Dans une récente conférence universitaire, l’ancien directeur de la recherche à la Banque populaire de Chine, a parlé de l’utilisation du yuan numérique e-CNY en Chine. Sa conférence suggère que la situation avec la monnaie numérique de la banque centrale chinoise est assez inquiétante.
Le yuan numérique très peu utilisé
Au cours de l’année 2021, le gouvernement chinois a lancé une CBDC chinoise surnommée le Yuan numérique pour les Jeux olympiques d’hiver de 2022. Cependant, jusqu’à présent, la monnaie numérique de la banque centrale n’a pas connu le succès escompté.
Xie Ping est l’ancien directeur de la recherche à la Banque populaire de Chine, la banque centrale chinoise. Actuellement, il est professeur de finance à l’Université Tsinghua. Il a été invité à s’exprimer lors d’une conférence sur la finance numérique organisée en partenariat avec l’Université Tsinghua.
Parmi ses remarques, rapportées par les médias Caixin et reprises par Reuters, le yuan numérique, qui a été testé dans plusieurs villes et provinces nationales, est boudé par la population. Selon lui, les chiffres présentés montrent « une très faible utilisation et une très faible efficacité ».

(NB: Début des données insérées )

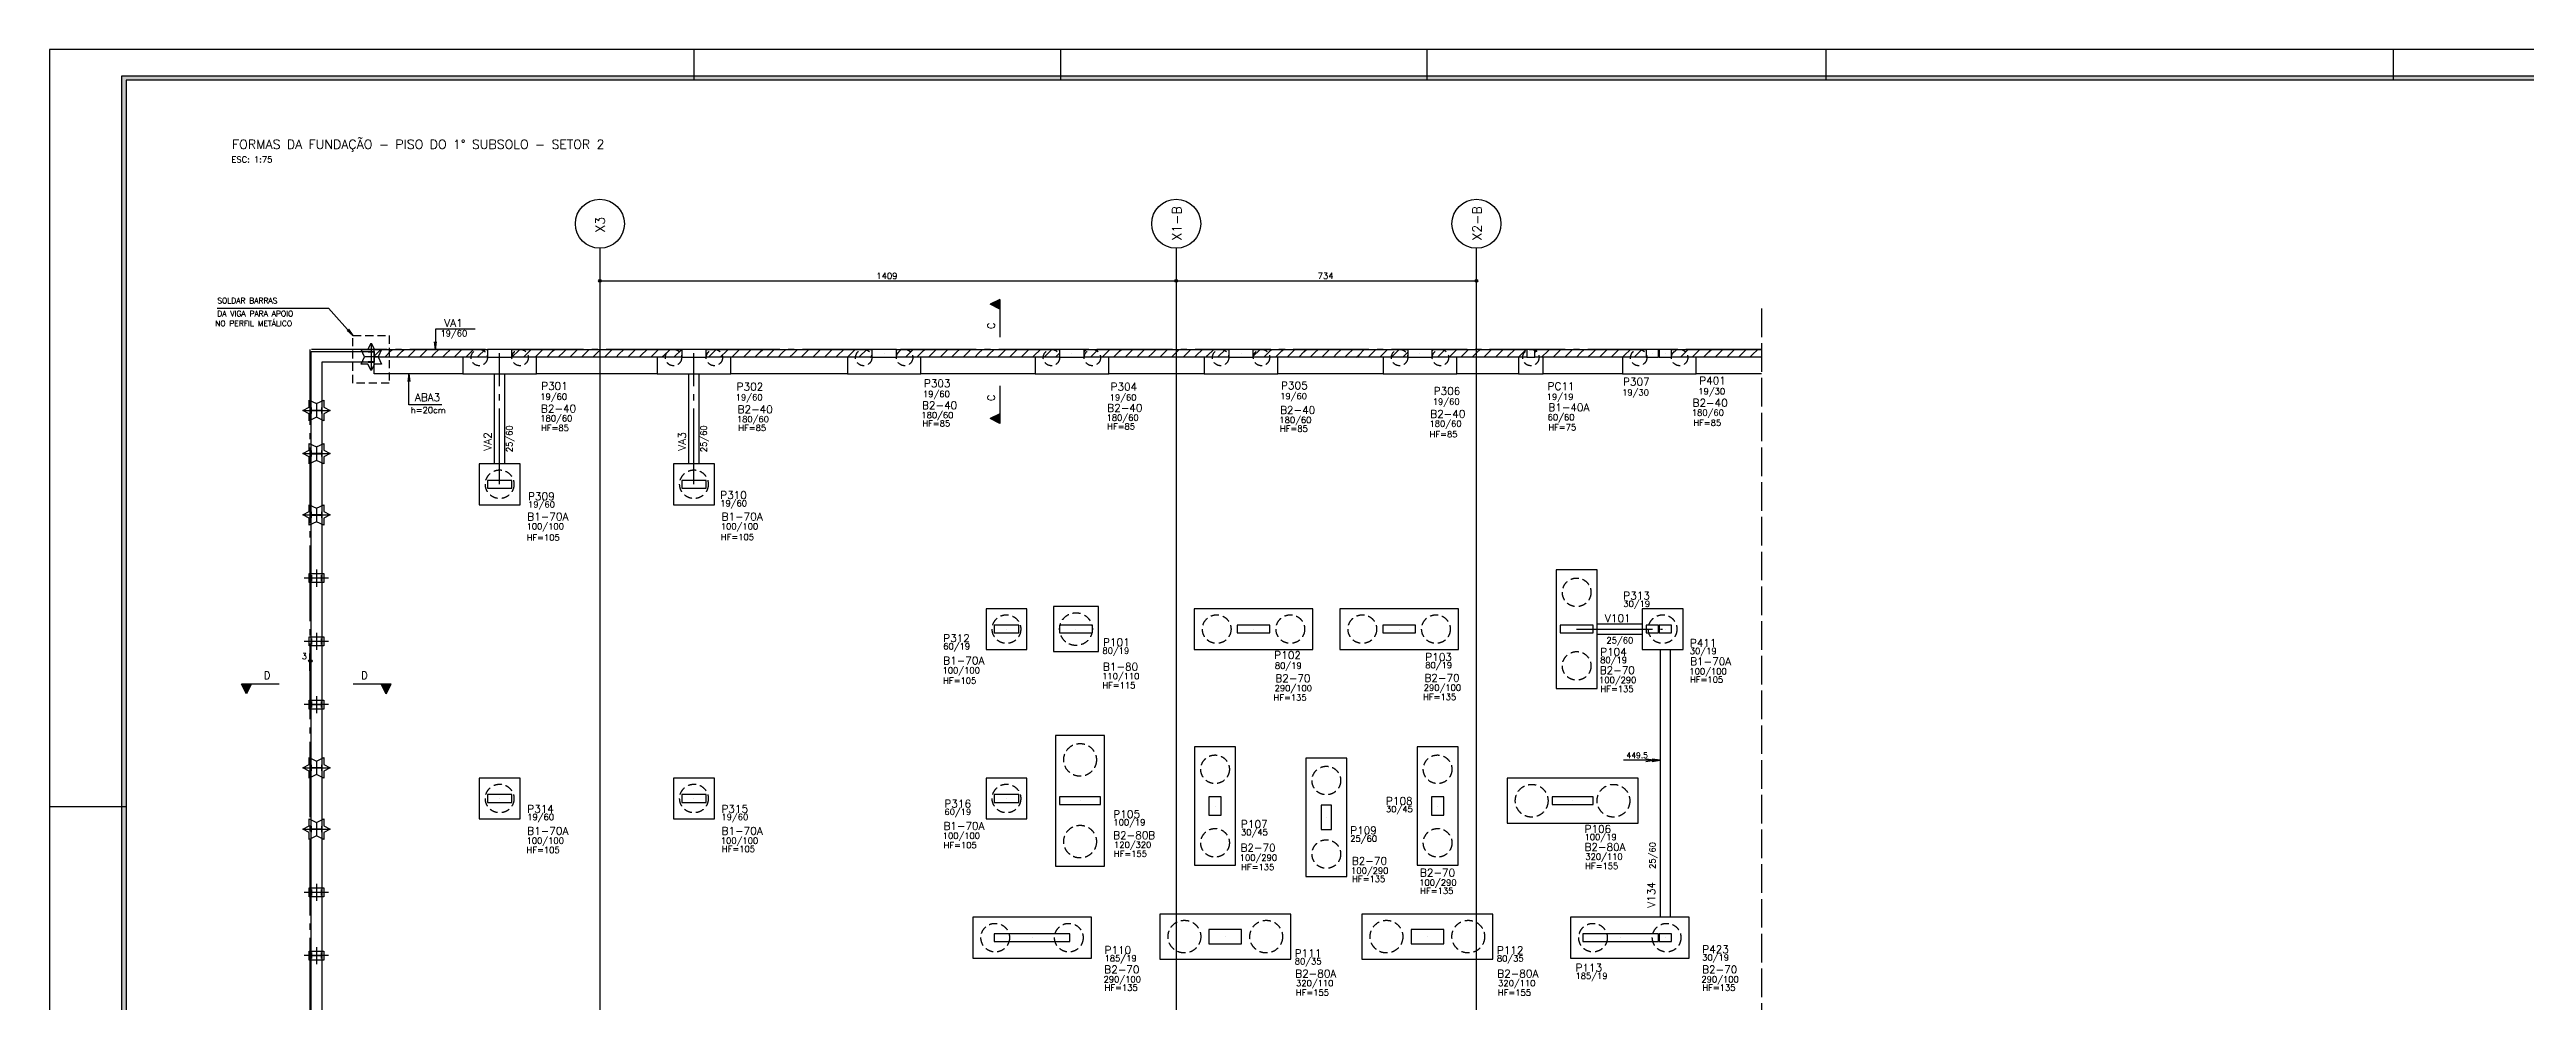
# Model space of a CAD drawing. Extents: x -9640 to 1528, y -572 to 5735.
# Drawn here: x -9640 to -3584, y 3403 to 5735 of the extents above; entities that cross this region are included whole.
import ezdxf

# ---------------------------------------------------------------- set-up
doc = ezdxf.new("R2010")
doc.units = 0
doc.header["$LTSCALE"] = 100
doc.header["$MEASUREMENT"] = 0
for name, pattern in [('ESTILO_TQS_0001', [0.85, 0.7, -0.15]), ('ESTILO_TQS_0002', [0.3, 0.2, -0.1]), ('ESTILO_TQS_0004', [2.4, 1.5, 0.2, 0.15, -0.2, 0.15, -0.2])]:
    doc.linetypes.add(name, pattern=pattern)
doc.layers.get('0').update_dxf_attribs({"color": 245, "linetype": 'CONTINUOUS'})
for name, color, linetype in [('01', 7, 'CONTINUOUS'), ('100', 7, 'CONTINUOUS'), ('11', 7, 'CONTINUOUS'), ('12', 7, 'CONTINUOUS'), ('16', 5, 'CONTINUOUS'), ('178', 7, 'CONTINUOUS'), ('18', 4, 'CONTINUOUS'), ('2', 5, 'CONTINUOUS'), ('201', 7, 'ESTILO_TQS_0001'), ('205', 5, 'ESTILO_TQS_0004'), ('21', 1, 'CONTINUOUS'), ('210', 7, 'ESTILO_TQS_0002'), ('221', 102, 'CONTINUOUS'), ('224', 7, 'CONTINUOUS'), ('240', 43, 'CONTINUOUS'), ('242', 7, 'CONTINUOUS'), ('251', 5, 'CONTINUOUS'), ('8', 7, 'CONTINUOUS'), ('9', 3, 'CONTINUOUS')]:
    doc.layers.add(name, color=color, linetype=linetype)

« La circulation cumulée du yuan numérique au cours des deux années de mise en service n’a été que de 100 milliards de yuans (14 milliards de dollars) », a-t-il ajouté. Pas assez pour que cela ait un impact dans un pays dont le produit intérieur brut était de 17 730 milliards de dollars l’an dernier.
Selon Xie Ping, l’utilisation du yuan numérique a été faible et très peu dynamique. Il semble qu’en janvier, seuls 261 millions de consommateurs possédaient des portefeuilles électroniques en yuans.
Pourtant, le gouvernement n’a pas été avare de moyens pour attirer les usagers. Ils ont notamment mis en place une série d’essais et fourni un porte-monnaie électronique avec diverses fonctions.
Il semblerait que le marché des moyens de paiement soit saturé pour l’instant. Le yuan numérique peine donc à se faire sa place. Comme l’a expliqué Xie Ping, « les espèces, les cartes bancaires et les mécanismes de paiement tiers de la Chine ont formé une structure de marché des paiements qui répond aux besoins de consommation quotidiens ».
Pas d’intérêt spécifique
Dans ce contexte, l’e-yuan apparaît comme une solution plutôt redondante pour les consommateurs, fruit d’une volonté politique hors sol sans grand intérêt. Les nouveautés ainsi que les possibilités offertes par le yuan numérique sont en effet minces.
Selon le professeur de finance, les cas d’utilisation de l’e-yuan doivent changer pour augmenter son adoption.
En effet, la monnaie numérique de la banque centrale chinoise offre peu par rapport à Alipay, qui a réussi à se faire une place entre les espèces et les monnaies scripturales, en offrant la possibilité aux utilisateurs d’accéder à des services d’assurance, d’investissement ou de prêt à la consommation.
Ping a parlé d’autres systèmes de paiement tiers chinois existants. Il a spécifiquement mentionné que WeChat Pay, Alipay et QQ Wallet « ont formé un modèle de marché de paiement qui répond aux besoins de la consommation quotidienne ». Il pense que la CBDC chinoise devrait faire de même pour gagner plus d’adoption.
Xie Ping a suggéré, par exemple, que les CBDC pourraient être utilisées pour payer des produits financiers. Il devrait également être accessible sur plusieurs plateformes de paiement pour stimuler son adoption.
L’Europe doit s’inspirer des leçons de la Chine
Les autorités européennes devraient analyser en détail ce début difficile du yuan numérique.
L’Union européenne espère également mettre en service son propre euro numérique dans les années à venir. En ce sens, comme Pékin, l’UE est motivée par la montée des crypto-monnaies, qu’il considère comme des concurrents illégitimes à son monopole d’émission de monnaie. En particulier, les stablecoins tels que l’USDT ou l’UDSC sont dans son viseur.
Mais si le désir de garder le contrôle monétaire est compréhensible, le fait que l’efficacité de l’outil sera corrélée à son niveau d’adoption demeure.
Cependant, comme nous l’avons vu dans l’exemple chinois, les monnaies numériques gouvernementales offrent relativement peu d’incitations et peinent à se faire une place en tant qu’innovation.